**The task:**
Your task is to restate exactly the lines from the one holding "line L5 (-76, 155) -> (-76, 0) projected" to the end of the entries below, inclusive.

**Information:**
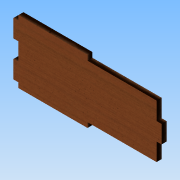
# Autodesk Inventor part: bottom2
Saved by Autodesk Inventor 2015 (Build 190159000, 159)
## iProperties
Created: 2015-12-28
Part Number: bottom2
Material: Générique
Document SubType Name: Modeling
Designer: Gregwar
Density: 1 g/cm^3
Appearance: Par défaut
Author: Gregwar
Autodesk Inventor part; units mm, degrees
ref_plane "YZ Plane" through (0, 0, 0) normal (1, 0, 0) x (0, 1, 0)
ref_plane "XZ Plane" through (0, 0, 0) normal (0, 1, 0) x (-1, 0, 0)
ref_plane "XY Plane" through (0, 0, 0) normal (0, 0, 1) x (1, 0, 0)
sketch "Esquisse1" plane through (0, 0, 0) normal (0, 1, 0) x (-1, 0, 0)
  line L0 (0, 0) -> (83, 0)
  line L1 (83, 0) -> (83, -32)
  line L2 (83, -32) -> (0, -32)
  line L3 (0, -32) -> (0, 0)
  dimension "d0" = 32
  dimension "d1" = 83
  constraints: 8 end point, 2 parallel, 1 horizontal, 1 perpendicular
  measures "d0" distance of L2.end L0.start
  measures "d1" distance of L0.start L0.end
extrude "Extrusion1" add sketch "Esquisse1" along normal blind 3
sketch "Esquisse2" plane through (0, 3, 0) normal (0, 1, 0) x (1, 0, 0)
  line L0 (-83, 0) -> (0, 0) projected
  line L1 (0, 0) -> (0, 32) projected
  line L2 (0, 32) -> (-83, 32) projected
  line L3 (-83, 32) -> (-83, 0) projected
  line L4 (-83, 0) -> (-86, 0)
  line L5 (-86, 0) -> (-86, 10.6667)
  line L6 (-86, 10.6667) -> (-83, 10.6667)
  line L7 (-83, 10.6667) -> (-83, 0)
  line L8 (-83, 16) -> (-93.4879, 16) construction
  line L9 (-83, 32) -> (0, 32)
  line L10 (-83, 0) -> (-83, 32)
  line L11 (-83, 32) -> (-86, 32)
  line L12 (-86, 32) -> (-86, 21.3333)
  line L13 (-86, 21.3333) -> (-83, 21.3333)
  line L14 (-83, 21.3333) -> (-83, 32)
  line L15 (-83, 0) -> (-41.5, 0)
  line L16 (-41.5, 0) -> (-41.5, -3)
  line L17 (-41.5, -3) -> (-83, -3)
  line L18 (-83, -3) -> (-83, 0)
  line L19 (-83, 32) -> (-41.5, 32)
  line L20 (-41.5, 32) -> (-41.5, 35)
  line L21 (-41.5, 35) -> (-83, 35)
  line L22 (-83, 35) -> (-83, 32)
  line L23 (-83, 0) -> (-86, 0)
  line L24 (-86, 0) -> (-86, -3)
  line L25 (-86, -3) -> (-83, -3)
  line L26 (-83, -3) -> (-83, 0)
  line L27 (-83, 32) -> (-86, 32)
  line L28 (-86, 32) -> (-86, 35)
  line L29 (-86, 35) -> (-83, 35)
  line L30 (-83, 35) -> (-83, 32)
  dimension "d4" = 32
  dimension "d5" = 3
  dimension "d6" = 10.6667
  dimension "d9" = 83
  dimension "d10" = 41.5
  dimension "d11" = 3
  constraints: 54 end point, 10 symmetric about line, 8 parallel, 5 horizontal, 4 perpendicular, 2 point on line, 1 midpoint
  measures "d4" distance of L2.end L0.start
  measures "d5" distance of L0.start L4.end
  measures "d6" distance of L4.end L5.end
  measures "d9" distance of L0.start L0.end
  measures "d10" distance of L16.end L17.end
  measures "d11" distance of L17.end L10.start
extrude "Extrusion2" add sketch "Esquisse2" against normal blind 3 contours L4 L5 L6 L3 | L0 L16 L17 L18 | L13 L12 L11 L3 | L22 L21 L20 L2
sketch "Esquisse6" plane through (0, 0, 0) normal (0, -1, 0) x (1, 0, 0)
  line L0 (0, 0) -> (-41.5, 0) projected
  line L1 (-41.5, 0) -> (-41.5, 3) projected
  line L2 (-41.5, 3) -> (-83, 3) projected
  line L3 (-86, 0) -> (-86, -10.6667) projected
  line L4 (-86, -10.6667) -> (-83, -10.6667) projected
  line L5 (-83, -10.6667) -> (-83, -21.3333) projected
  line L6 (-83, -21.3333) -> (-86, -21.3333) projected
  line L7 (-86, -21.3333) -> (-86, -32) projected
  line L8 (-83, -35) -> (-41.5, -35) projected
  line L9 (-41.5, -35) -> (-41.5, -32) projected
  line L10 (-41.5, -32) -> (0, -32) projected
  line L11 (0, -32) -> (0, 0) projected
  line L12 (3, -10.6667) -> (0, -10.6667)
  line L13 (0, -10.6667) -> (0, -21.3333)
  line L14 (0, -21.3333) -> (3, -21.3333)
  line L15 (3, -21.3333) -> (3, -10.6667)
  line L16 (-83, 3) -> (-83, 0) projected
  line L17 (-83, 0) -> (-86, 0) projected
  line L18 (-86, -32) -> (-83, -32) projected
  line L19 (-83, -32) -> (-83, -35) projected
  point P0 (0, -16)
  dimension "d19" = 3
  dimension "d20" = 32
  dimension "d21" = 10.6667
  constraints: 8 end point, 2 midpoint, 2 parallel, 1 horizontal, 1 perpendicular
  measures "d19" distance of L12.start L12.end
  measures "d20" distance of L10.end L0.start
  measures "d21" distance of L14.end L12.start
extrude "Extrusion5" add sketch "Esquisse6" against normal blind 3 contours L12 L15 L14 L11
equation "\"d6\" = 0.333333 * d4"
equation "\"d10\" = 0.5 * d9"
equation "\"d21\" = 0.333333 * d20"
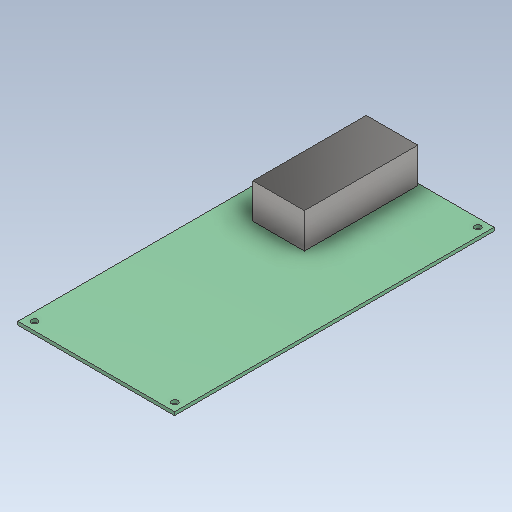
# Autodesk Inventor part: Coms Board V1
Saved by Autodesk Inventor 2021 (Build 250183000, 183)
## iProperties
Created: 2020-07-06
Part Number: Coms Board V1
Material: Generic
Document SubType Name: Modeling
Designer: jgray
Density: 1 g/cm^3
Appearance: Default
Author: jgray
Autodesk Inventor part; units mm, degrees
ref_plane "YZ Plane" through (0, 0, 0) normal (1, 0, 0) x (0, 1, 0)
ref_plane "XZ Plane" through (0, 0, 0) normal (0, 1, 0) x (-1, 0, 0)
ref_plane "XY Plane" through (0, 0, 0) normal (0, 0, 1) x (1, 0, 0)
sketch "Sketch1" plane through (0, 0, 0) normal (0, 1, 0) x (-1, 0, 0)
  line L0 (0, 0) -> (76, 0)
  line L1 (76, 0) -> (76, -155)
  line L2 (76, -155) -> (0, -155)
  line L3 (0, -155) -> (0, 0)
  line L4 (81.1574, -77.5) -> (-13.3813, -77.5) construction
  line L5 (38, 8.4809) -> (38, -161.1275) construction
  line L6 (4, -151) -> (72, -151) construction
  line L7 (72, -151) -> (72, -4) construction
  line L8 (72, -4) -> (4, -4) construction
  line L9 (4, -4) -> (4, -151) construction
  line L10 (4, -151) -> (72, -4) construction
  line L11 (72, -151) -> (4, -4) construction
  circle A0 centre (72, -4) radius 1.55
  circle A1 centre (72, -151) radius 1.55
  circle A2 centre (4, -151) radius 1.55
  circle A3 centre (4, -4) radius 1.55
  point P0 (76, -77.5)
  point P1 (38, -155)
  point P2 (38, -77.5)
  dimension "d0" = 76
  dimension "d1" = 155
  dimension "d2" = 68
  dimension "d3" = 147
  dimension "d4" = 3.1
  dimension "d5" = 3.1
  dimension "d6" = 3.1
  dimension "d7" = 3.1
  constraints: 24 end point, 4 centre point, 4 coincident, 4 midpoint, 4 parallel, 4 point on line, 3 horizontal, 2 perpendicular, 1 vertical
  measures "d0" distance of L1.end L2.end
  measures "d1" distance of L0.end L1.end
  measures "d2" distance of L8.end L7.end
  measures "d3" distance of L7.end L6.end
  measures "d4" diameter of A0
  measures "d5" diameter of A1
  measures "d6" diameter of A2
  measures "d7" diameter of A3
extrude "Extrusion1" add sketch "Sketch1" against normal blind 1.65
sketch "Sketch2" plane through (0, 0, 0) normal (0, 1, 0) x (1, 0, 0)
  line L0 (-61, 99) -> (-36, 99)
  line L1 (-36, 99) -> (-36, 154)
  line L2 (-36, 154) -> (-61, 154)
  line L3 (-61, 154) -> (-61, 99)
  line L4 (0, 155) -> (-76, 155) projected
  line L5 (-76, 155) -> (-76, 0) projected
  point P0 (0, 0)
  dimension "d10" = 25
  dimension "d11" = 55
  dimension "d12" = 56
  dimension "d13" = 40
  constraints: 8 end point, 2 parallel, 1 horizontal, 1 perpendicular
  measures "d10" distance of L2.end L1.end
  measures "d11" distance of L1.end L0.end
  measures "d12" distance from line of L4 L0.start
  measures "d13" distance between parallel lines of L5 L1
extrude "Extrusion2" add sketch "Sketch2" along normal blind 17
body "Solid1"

**Your solution:**
  line L5 (-76, 155) -> (-76, 0) projected
  point P0 (0, 0)
  dimension "d10" = 25
  dimension "d11" = 55
  dimension "d12" = 56
  dimension "d13" = 40
  constraints: 8 end point, 2 parallel, 1 horizontal, 1 perpendicular
  measures "d10" distance of L2.end L1.end
  measures "d11" distance of L1.end L0.end
  measures "d12" distance from line of L4 L0.start
  measures "d13" distance between parallel lines of L5 L1
extrude "Extrusion2" add sketch "Sketch2" along normal blind 17
body "Solid1"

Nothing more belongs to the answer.